▸ **INFORMATION GIVEN**:
- - -

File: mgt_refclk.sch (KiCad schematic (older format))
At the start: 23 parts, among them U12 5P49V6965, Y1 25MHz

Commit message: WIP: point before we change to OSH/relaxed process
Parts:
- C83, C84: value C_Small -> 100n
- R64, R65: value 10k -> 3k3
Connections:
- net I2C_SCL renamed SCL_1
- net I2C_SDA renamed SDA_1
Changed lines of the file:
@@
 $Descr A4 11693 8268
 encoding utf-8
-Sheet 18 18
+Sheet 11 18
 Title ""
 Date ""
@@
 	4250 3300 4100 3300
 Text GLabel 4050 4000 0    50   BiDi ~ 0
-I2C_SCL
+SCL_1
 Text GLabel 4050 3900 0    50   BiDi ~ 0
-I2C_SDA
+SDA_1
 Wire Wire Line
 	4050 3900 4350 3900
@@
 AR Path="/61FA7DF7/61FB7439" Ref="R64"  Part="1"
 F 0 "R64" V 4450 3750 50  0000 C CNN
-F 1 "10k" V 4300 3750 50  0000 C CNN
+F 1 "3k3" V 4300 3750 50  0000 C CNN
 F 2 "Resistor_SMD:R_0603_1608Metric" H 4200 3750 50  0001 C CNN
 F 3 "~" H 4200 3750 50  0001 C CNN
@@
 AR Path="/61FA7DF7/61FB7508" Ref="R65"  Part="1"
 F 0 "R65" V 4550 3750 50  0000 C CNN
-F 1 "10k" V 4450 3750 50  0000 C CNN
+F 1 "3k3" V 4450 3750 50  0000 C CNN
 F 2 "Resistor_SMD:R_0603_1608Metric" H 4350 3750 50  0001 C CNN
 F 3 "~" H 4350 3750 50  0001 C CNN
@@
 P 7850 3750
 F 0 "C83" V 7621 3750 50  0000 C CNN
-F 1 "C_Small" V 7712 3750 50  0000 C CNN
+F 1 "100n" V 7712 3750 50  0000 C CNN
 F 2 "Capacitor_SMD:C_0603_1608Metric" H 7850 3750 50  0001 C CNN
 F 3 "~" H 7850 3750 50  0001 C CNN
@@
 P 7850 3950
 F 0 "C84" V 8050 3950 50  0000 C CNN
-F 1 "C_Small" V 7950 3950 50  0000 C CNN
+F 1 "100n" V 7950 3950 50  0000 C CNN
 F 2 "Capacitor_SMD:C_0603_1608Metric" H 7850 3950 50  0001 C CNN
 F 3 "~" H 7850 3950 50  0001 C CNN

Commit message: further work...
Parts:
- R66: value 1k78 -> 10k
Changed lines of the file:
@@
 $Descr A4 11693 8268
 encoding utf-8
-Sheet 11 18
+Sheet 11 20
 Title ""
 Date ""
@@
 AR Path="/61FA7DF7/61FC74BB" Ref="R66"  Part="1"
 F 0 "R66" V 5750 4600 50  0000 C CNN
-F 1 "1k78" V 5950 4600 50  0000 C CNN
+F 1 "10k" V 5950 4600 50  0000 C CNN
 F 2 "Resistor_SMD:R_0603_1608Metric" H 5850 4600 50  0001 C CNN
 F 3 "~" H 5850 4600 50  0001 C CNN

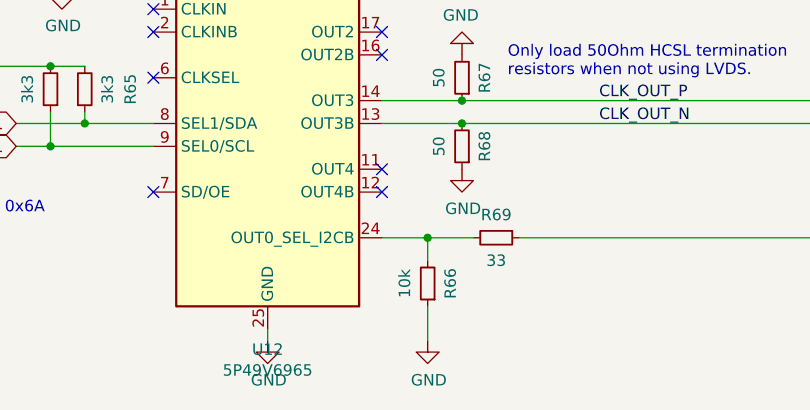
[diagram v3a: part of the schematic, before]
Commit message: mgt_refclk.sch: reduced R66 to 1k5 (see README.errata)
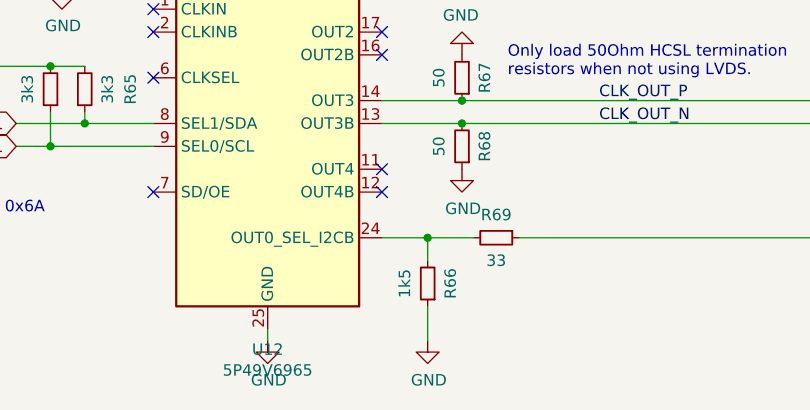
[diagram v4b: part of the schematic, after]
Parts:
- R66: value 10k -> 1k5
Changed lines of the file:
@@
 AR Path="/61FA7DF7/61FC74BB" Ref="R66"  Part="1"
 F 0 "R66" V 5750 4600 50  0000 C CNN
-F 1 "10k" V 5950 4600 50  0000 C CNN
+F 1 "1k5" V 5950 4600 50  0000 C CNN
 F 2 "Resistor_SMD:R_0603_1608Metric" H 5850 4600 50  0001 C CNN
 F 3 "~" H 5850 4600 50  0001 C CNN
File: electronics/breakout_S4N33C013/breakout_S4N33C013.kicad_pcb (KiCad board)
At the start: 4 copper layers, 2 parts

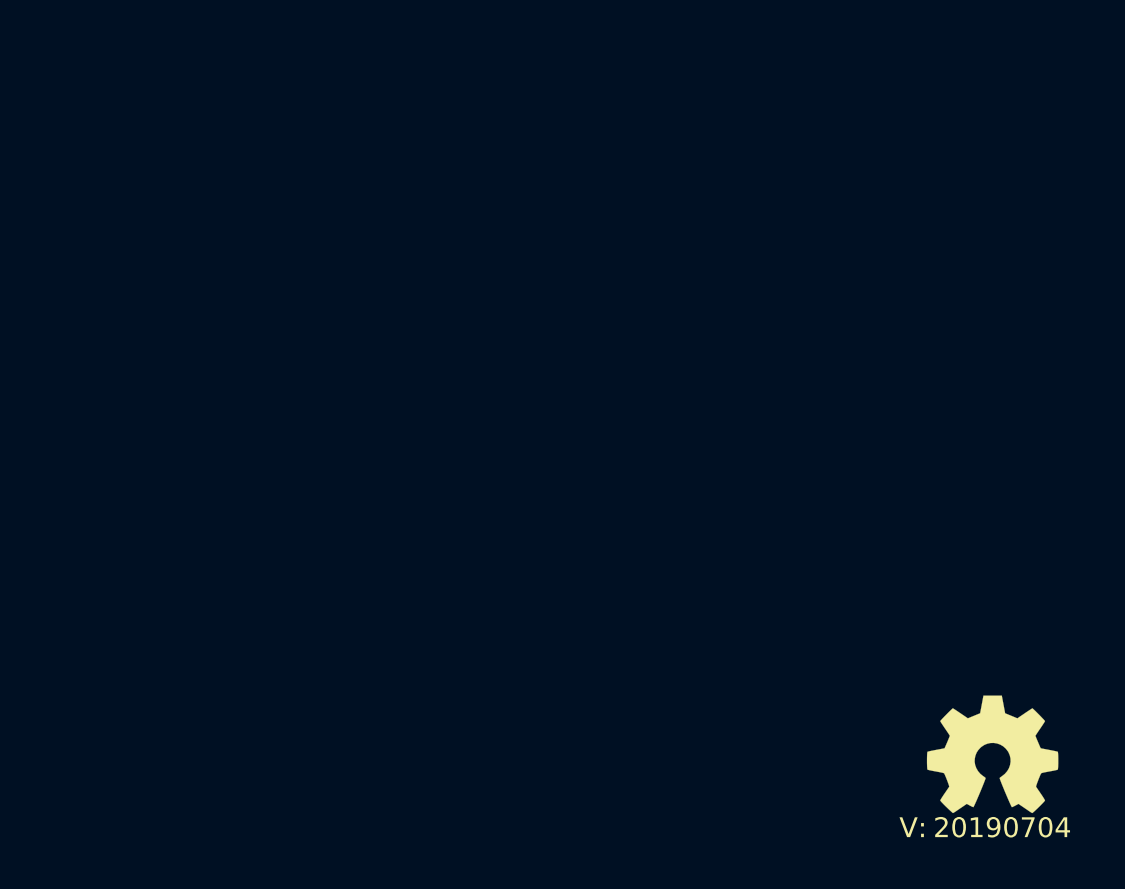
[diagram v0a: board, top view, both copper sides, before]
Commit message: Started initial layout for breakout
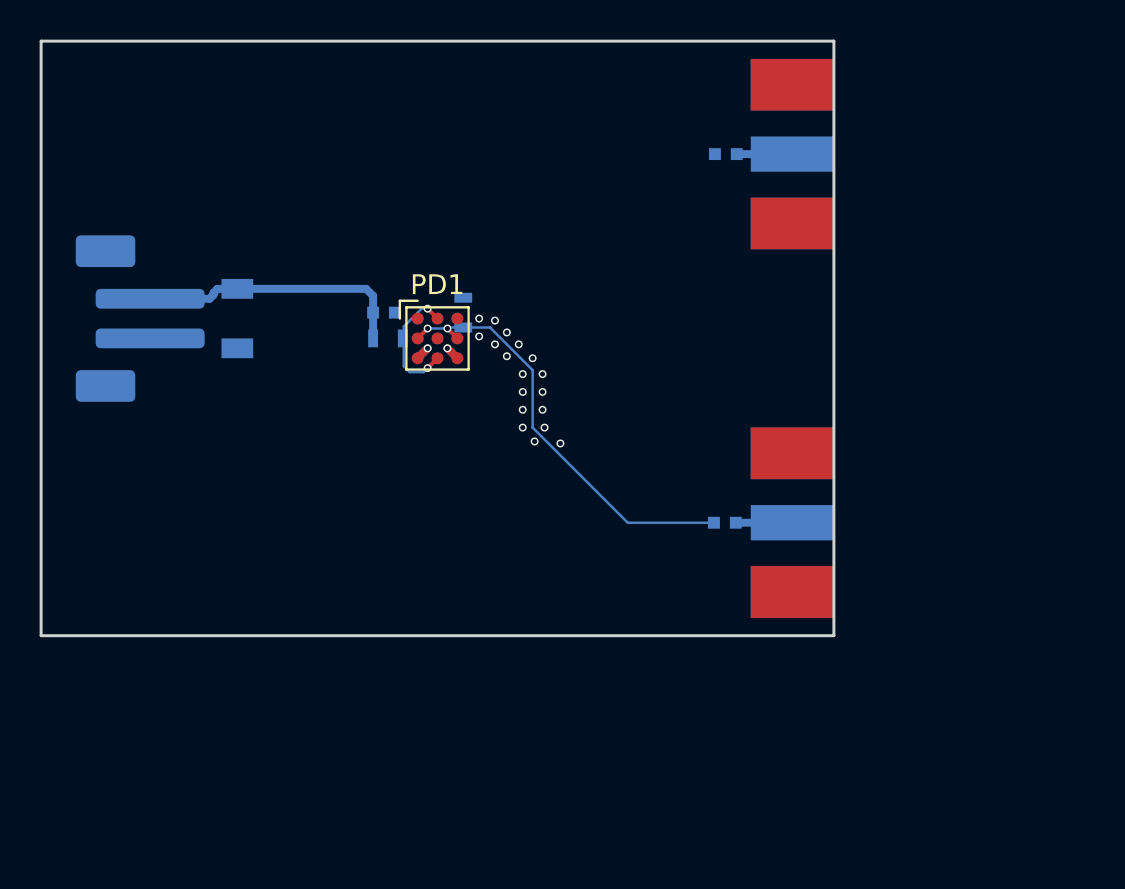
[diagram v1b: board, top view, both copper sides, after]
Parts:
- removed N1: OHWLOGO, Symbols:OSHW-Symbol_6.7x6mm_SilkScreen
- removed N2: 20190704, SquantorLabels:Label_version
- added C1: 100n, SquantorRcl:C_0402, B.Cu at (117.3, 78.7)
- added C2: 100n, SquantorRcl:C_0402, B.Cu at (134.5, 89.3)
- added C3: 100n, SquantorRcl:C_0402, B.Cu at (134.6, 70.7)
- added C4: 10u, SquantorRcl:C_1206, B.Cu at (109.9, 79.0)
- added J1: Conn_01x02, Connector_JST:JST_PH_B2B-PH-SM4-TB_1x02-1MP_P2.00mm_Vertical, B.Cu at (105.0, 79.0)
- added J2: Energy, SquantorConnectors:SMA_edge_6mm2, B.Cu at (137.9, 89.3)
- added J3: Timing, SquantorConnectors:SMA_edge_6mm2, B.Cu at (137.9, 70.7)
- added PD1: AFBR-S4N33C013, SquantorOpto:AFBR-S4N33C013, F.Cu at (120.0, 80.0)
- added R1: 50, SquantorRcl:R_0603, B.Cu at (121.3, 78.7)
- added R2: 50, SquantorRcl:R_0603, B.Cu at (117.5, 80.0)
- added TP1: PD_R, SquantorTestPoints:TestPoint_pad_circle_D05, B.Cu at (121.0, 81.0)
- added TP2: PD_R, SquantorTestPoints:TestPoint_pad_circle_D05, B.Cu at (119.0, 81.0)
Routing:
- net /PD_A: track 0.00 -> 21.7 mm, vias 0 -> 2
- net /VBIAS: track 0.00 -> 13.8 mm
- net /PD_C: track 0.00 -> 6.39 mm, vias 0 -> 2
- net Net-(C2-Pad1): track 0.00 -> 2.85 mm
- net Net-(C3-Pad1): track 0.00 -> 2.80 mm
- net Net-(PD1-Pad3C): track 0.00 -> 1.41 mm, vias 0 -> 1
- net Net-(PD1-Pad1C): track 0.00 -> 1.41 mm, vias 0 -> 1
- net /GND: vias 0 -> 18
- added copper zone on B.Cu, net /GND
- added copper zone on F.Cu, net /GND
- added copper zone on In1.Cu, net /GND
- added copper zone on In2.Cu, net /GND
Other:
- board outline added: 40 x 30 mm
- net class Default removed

- - -

The response must contain exactly the lines from the one with "at (121.0, 81.0)" to the end of the entries above, both included, and nothing more.

▸ **SOLUTION TO THE PROBLEM**:
- added TP1: PD_R, SquantorTestPoints:TestPoint_pad_circle_D05, B.Cu at (121.0, 81.0)
- added TP2: PD_R, SquantorTestPoints:TestPoint_pad_circle_D05, B.Cu at (119.0, 81.0)
Routing:
- net /PD_A: track 0.00 -> 21.7 mm, vias 0 -> 2
- net /VBIAS: track 0.00 -> 13.8 mm
- net /PD_C: track 0.00 -> 6.39 mm, vias 0 -> 2
- net Net-(C2-Pad1): track 0.00 -> 2.85 mm
- net Net-(C3-Pad1): track 0.00 -> 2.80 mm
- net Net-(PD1-Pad3C): track 0.00 -> 1.41 mm, vias 0 -> 1
- net Net-(PD1-Pad1C): track 0.00 -> 1.41 mm, vias 0 -> 1
- net /GND: vias 0 -> 18
- added copper zone on B.Cu, net /GND
- added copper zone on F.Cu, net /GND
- added copper zone on In1.Cu, net /GND
- added copper zone on In2.Cu, net /GND
Other:
- board outline added: 40 x 30 mm
- net class Default removed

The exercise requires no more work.